Após o lançamento do ChatGPT, o tráfego cresceu em um ritmo sem precedentes. Para dar suporte a isso, implementamos rapidamente otimizações extensivas tanto na camada de aplicação quanto na camada de banco de dados PostgreSQL, escalamos verticalmente aumentando o tamanho da instância e escalamos horizontalmente adicionando mais réplicas de leitura. Essa arquitetura nos serviu bem por muito tempo. Com as melhorias contínuas, continua a oferecer amplo espaço para o crescimento futuro.
Pode parecer surpreendente que uma arquitetura com um único núcleo primário consiga atender às demandas de escala da OpenAI; no entanto, fazer isso funcionar na prática não é simples. Já vimos vários erros de status (SEVs) causados por sobrecarga do Postgres, e eles geralmente seguem o mesmo padrão: um problema upstream causa um pico repentino na carga do banco de dados, como falhas generalizadas de cache devido a uma falha na camada de cache, uma onda de junções complexas e dispendiosas saturando a CPU ou uma tempestade de escrita devido ao lançamento de um novo recurso. À medida que a utilização de recursos aumenta, a latência das consultas também aumenta e as solicitações começam a expirar. As novas tentativas amplificam ainda mais a carga, desencadeando um ciclo vicioso com potencial para degradar todos os serviços do ChatGPT e da API.

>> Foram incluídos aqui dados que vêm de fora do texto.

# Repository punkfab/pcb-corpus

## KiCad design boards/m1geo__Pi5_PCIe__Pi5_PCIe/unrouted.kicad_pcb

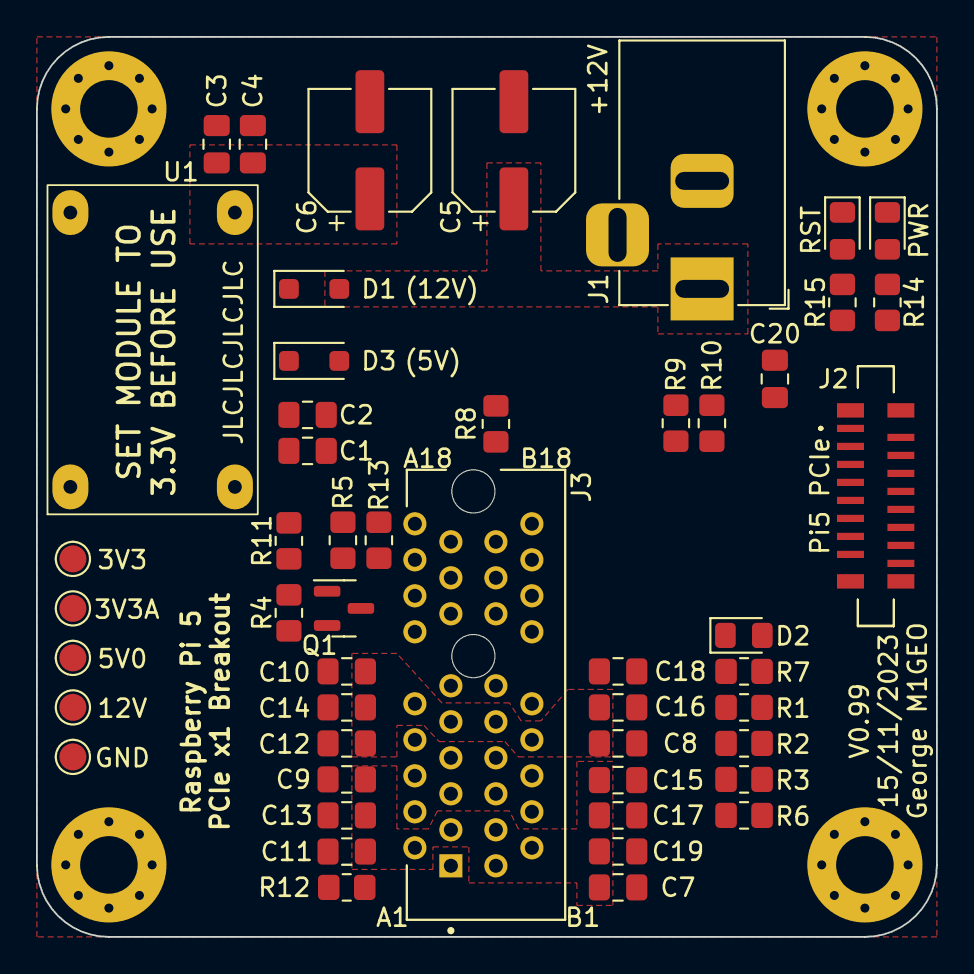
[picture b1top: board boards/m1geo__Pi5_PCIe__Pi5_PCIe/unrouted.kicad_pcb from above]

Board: 4 copper layers, 50.0 x 50.0 mm, 54 parts (0 on the bottom side), 24 nets, no tracks yet.

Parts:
C1, C3, C11, C12, C13, C14, C15, C16, C17, C18, C19, C20: 100n; C_0805_2012Metric_Pad1.18x1.45mm_HandSolder
C2, C4, C7, C8, C9, C10: 10u; C_0805_2012Metric_Pad1.18x1.45mm_HandSolder
C5, C6: 150u; CP_Elec_6.3x7.7
D1: (12V); D_SOD-123F
D2: DNF; D_0805_2012Metric_Pad1.15x1.40mm_HandSolder
D3: (5V); D_SOD-123F
D4: PWR; LED_0805_2012Metric_Pad1.15x1.40mm_HandSolder
D5: RST; LED_0805_2012Metric_Pad1.15x1.40mm_HandSolder
H1, H2, H3, H4: MountingHole_Pad; MountingHole_3.2mm_M3_Pad_Via
J1: 12V IN; BarrelJack_Horizontal
J2: Pi5 PCIe; 687316124422
J3: 10018783-11200TLF; AMPHENOL_10018783-11200TLF
Q1: BS170F; SOT-23
R1, R2, R3: DNF; R_0805_2012Metric_Pad1.20x1.40mm_HandSolder
R4, R6, R7, R8, R9, R10, R13: 10k; R_0805_2012Metric_Pad1.20x1.40mm_HandSolder
R5, R11, R12: 0; R_0805_2012Metric_Pad1.20x1.40mm_HandSolder
R14, R15: 1k; R_0805_2012Metric_Pad1.20x1.40mm_HandSolder
TP1: 3V3; TestPoint_Pad_D1.5mm
TP2: 3V3A; TestPoint_Pad_D1.5mm
TP3: 5V0; TestPoint_Pad_D1.5mm
TP4: 12V; TestPoint_Pad_D1.5mm
TP5: GND; TestPoint_Pad_D1.5mm
U1: Mini360; Mini360_step-down

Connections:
+3.3VA: C18.1, J3.B10, R6.2, R7.2, R8.2, R9.2, R10.2, R11.1, R13.2, TP2.1
+3V3: C3.1, C4.1, C6.1, C8.1, C10.1, C12.1, C14.1, C16.1, J3.A9, J3.A10, J3.B8, R11.2, R14.1, TP1.1, U1.4 (OUT+)
+5V: C20.1, D3.2 (A), J2.15 (Pin_17), J2.16 (Pin_18), TP3.1
+12V: C5.1, C7.1, C9.1, C11.1, C13.1, C15.1, C17.1, C19.1, D1.2 (A), J1.1, J3.A2, J3.A3, J3.B1, J3.B2, J3.B3, TP4.1
/PRSNT1#: J3.A1, R12.1
/REG_IN: C1.1, C2.1, D1.1 (K), D3.1 (K), U1.2 (IN+)
GND: C1.2, C2.2, C3.2, C4.2, C5.2, C6.2, C7.2, C8.2, C9.2, C10.2, C11.2, C12.2, C13.2, C14.2, C15.2, C16.2, C17.2, C18.2, C19.2, C20.2, D4.1 (K), D5.1 (K), H1.1, H2.1, H3.1, H4.1, J1.2, J1.3, J2.5 (Pin_7), J2.8 (Pin_10), J2.11 (Pin_13), J2.14 (Pin_16), J2.MP1, J2.MP2, J2.MP3, J2.MP4, J3.A4, J3.A12, J3.A15, J3.A18, J3.B4, J3.B7, J3.B13, J3.B16, J3.B18, Q1.2 (S), R4.2, R12.2, TP5.1, U1.1 (IN-), U1.3 (OUT-)
unnamed: D4.2 (A), R14.2
unnamed: D5.2 (A), R15.2
unnamed: Q1.1 (G), R4.1, R5.1
PCIE_CLKN: J2.12 (Pin_14), J3.A14
PCIE_CLKP: J2.13 (Pin_15), J3.A13
PCIE_CLKREQ#: J3.B12, R3.1, R6.1
PCIE_PERST#: J3.A11, Q1.3 (D), R13.1
PCIE_PRSNT2#: J3.B17, R2.1, R8.1
PCIE_RX0N: J2.9 (Pin_11), J3.A17
PCIE_RX0P: J2.10 (Pin_12), J3.A16
PCIE_SMCLK: J2.4 (Pin_6), J3.B5, R9.1
PCIE_SMDAT: D2.2 (A), J2.3 (Pin_5), J3.B6, R10.1
PCIE_TX0N: J2.6 (Pin_8), J3.B15
PCIE_TX0P: J2.7 (Pin_9), J3.B14
PCIE_WAKE#: D2.1 (K), J3.B11, R1.1, R7.1
RESET: J2.1 (Pin_3), R5.2, R15.1
UNKNOWN?!: J2.2 (Pin_4), R1.2, R2.2, R3.2

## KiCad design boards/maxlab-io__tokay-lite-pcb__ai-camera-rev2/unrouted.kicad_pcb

Embora o PostgreSQL seja escalável para nossas cargas de trabalho com grande volume de leitura, ainda encontramos desafios durante períodos de alto tráfego de escrita. Isso se deve em grande parte à implementação do controle de concorrência multiversão (MVCC) do PostgreSQL, que o torna menos eficiente para cargas de trabalho com grande volume de escrita. Por exemplo, quando uma consulta atualiza uma tupla ou mesmo um único campo, a linha inteira é copiada para criar uma nova versão. Sob cargas de escrita elevadas, isso resulta em uma amplificação de escrita significativa. Isso também aumenta a amplificação de leitura, já que as consultas precisam examinar várias versões de tuplas (tuplas mortas) para recuperar a mais recente. O MVCC introduz desafios adicionais, como o inchaço de tabelas e índices, o aumento da sobrecarga de manutenção de índices e o ajuste complexo do autovacuum. (Você pode encontrar uma análise aprofundada dessas questões em um blog que escrevi com o Prof. Andy Pavlo da Universidade Carnegie Mellon, intitulado "A parte do PostgreSQL que mais odiamos"(abre em uma nova janela), citado(abre em uma nova janela) na página da Wikipédia sobre o PostgreSQL.)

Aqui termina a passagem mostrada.